As the work here is mostly experiments and prototyping, based on the results, the outputs could be:

  • A report about why these methods have failed to provide a proper sandboxed environment for build scripts in Cargo, plus some other areas worth exploring in the future.
  • A configurable sandboxed environment for build scripts landed as an unstable feature in Cargo, or provided via crates.io as a third-party plugin for faster experimenting iteration.
  • An RFC proposing a sandboxed build script design to the Rust project.

Milestones

MilestoneExpected Date
Summarize the prior art for sandbox strategies2024-07
Prototype a basic sandboxed build script implementation2024-08
Draft a configurable interface in Cargo.toml2024-10
Integrate the configurable interface with the prototype2024-12
Ask some security experts for reviewing the designTBD
Write an RFC summary for the entire prototyping processTBD

Frequently asked questions

Q: Why can't build script be removed?

The Rust crates.io ecosystem depends heavily on build scripts.
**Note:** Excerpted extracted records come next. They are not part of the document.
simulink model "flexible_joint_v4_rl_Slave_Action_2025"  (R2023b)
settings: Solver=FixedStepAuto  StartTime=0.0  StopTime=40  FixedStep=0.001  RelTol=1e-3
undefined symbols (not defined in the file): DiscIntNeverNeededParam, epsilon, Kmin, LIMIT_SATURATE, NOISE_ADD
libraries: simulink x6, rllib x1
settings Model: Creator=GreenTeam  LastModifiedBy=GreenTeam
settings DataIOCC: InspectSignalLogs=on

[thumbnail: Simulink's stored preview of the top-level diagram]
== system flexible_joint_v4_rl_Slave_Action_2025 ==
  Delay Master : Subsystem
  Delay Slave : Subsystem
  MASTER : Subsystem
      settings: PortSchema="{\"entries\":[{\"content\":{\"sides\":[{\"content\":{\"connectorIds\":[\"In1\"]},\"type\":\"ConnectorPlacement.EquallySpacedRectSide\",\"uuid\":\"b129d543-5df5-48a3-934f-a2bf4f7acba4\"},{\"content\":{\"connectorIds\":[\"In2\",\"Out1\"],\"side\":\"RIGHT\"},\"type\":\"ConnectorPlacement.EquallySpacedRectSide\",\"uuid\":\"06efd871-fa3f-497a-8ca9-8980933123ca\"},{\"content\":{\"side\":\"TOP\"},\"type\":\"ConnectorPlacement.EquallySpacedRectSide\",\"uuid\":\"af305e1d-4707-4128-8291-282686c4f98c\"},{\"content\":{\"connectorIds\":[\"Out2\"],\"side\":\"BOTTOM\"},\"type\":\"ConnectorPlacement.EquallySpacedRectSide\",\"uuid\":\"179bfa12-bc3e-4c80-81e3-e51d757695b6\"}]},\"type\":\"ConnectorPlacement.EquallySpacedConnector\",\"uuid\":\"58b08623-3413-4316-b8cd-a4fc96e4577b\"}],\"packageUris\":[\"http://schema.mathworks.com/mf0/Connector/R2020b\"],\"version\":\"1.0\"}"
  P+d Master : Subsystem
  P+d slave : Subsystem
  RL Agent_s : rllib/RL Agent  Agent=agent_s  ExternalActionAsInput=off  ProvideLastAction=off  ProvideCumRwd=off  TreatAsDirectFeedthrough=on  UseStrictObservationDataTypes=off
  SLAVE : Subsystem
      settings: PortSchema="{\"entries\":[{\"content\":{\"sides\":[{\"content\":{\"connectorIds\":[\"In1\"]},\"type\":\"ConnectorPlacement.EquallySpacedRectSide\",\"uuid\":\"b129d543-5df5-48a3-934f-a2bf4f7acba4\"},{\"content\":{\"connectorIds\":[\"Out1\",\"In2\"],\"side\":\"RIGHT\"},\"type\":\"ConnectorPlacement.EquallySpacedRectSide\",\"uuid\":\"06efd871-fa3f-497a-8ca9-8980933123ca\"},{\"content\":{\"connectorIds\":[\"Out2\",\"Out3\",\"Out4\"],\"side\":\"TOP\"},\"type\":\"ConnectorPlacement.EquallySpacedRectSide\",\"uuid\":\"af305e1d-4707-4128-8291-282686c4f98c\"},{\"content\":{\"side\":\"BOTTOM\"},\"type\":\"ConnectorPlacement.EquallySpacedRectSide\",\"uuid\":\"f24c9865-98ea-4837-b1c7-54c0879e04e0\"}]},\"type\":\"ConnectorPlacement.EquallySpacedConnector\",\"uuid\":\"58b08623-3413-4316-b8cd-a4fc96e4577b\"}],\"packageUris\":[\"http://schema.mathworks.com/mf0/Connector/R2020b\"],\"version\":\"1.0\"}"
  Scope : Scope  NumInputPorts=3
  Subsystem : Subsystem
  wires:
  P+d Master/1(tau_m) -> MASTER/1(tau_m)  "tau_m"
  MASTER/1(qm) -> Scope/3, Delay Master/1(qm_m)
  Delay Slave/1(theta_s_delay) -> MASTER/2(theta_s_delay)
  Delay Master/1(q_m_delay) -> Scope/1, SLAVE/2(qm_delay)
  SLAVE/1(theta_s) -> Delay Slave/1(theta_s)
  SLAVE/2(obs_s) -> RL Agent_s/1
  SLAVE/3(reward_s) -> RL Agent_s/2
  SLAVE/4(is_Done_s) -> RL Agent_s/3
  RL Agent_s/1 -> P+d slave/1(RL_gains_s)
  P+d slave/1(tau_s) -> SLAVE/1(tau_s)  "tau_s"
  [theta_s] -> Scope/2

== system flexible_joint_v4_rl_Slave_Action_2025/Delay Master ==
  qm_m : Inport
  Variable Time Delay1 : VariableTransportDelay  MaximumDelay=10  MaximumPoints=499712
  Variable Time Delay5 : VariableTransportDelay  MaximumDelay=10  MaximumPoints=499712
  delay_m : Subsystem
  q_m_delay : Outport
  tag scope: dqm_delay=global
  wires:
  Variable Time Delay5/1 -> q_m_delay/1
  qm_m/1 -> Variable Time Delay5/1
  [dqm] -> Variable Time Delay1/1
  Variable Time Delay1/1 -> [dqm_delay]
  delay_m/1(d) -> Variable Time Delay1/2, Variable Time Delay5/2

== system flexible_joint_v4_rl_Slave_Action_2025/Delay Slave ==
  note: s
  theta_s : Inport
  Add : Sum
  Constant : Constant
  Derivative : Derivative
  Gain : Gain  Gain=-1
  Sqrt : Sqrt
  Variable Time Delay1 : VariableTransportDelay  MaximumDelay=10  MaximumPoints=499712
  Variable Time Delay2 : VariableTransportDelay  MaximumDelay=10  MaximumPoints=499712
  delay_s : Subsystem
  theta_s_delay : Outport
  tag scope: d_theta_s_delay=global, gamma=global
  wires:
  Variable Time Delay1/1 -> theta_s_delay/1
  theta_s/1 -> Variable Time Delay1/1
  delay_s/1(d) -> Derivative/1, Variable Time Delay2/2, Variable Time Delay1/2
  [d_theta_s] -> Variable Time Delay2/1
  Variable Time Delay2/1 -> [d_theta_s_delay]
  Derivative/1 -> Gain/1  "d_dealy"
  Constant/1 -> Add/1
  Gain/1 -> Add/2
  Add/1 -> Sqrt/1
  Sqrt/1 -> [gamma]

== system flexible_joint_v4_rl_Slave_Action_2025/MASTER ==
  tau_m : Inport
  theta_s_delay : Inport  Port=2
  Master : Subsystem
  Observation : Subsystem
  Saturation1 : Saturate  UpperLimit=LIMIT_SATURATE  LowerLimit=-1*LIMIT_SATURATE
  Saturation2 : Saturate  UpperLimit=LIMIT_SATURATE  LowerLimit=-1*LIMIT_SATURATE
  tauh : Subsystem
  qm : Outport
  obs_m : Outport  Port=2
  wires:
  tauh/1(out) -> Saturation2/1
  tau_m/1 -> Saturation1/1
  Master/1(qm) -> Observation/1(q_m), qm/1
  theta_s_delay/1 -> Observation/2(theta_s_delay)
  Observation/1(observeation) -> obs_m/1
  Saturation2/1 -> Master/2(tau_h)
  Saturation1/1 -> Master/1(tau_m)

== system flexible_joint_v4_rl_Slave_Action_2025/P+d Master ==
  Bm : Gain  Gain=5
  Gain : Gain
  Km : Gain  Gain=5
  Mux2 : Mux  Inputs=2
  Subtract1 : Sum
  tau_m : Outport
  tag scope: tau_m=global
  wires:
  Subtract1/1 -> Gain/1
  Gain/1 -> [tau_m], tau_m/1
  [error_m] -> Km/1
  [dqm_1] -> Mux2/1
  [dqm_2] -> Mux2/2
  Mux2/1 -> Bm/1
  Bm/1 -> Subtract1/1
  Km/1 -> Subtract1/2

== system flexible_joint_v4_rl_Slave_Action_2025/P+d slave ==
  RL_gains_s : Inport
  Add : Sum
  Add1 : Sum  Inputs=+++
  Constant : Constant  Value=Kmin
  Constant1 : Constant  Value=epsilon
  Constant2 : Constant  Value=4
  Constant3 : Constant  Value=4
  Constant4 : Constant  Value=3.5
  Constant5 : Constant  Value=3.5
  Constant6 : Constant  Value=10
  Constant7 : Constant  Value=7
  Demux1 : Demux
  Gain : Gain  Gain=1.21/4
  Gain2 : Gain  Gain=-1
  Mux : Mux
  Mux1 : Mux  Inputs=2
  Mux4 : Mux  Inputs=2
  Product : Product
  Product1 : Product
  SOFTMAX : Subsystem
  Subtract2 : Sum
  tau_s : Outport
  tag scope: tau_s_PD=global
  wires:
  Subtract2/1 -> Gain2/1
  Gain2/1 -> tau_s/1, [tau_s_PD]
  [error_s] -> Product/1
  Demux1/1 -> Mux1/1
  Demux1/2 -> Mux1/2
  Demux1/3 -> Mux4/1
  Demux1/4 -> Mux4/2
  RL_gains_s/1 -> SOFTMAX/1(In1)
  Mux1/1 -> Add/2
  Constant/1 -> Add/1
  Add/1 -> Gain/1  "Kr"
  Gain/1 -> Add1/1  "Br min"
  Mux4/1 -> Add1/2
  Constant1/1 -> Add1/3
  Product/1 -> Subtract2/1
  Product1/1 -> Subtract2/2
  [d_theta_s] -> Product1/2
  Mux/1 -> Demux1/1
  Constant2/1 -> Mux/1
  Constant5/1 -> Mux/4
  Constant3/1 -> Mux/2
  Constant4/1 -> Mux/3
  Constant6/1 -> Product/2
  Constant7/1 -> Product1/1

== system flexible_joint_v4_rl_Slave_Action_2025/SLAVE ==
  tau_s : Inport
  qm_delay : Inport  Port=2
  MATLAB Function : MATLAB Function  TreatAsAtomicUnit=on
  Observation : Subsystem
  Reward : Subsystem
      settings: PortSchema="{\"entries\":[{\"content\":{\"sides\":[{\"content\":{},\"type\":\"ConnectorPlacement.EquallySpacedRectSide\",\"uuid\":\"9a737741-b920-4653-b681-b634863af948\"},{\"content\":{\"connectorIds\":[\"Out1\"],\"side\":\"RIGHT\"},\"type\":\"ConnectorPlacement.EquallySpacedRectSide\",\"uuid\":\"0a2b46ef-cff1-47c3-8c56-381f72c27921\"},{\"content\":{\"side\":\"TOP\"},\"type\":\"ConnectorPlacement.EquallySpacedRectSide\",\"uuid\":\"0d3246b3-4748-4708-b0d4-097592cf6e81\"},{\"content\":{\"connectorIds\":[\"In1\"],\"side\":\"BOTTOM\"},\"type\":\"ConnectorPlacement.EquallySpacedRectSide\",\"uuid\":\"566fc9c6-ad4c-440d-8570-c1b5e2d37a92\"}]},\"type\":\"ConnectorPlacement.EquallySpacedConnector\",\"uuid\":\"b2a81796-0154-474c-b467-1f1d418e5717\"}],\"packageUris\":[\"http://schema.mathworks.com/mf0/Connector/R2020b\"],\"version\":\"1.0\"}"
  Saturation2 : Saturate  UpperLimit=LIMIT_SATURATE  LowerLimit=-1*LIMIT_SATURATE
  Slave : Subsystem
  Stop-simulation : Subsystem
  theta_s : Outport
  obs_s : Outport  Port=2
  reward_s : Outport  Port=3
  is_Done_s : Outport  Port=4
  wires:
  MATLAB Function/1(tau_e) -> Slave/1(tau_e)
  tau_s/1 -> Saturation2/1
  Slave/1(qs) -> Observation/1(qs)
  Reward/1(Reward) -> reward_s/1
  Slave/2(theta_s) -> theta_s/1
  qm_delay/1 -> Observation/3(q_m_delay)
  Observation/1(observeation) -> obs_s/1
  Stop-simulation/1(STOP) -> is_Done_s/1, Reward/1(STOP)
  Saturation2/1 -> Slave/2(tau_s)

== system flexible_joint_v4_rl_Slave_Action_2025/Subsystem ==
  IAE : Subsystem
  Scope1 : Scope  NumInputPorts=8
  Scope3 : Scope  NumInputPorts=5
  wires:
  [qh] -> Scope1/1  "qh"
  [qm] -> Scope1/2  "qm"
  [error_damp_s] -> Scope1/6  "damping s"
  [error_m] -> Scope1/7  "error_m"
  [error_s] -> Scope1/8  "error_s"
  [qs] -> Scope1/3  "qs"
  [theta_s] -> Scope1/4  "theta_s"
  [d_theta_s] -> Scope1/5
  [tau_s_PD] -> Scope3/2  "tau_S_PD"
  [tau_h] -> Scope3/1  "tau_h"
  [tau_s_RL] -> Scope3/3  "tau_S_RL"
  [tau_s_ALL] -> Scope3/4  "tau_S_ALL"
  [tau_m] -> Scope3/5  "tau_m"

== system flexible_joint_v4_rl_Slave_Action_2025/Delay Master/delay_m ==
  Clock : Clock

Some foundational packages use build scripts for essential tasks, such as linking to C dependencies. If we shut down this option without providing an alternative, half of the ecosystem would collapse.

That is to say, build script is a feature included in the stability guarantee that we cannot simply remove, just like the results of the dependency resolution Cargo produces.

Q: Why are community tools like cargo-vet and cargo-crev not good enough?

They are all excellent tools. A sandboxed build script isn't meant to replace any of them. However, as aforementioned, those tools still require intensive human reviews, which are difficult to achieve (cargo-crev has 103 reviewers and 1910 reviews at the time of writing).

A sandboxed build script is a supplement to them. Crate reviews are easier to complete when crates explicitly specify the permissions granted.

Q: What is the difference between sandboxed builds and deterministic builds?

Sandboxing is a strategy that isolates the running process from other resources on a system, such as file system access.

A deterministic build always produces the same output given the same input.

Sandboxing is not a requirement for deterministic builds, and vice versa. However, sandboxing can help deterministic builds because hidden dependencies often come from the system via network or file system access.

Q: Why do we need to build our own solution versus other existing solutions?

External build systems are aware of this situation. For example, Bazel provides a sandboxing feature. Nix also has a sandbox build via a different approach. Yet, migrating to existing solutions will be a long-term effort for the entire community. It requires extensive exploration and discussions from both social and technical aspects. At this moment, I don't think the Cargo team and the Rust community are ready for a migration.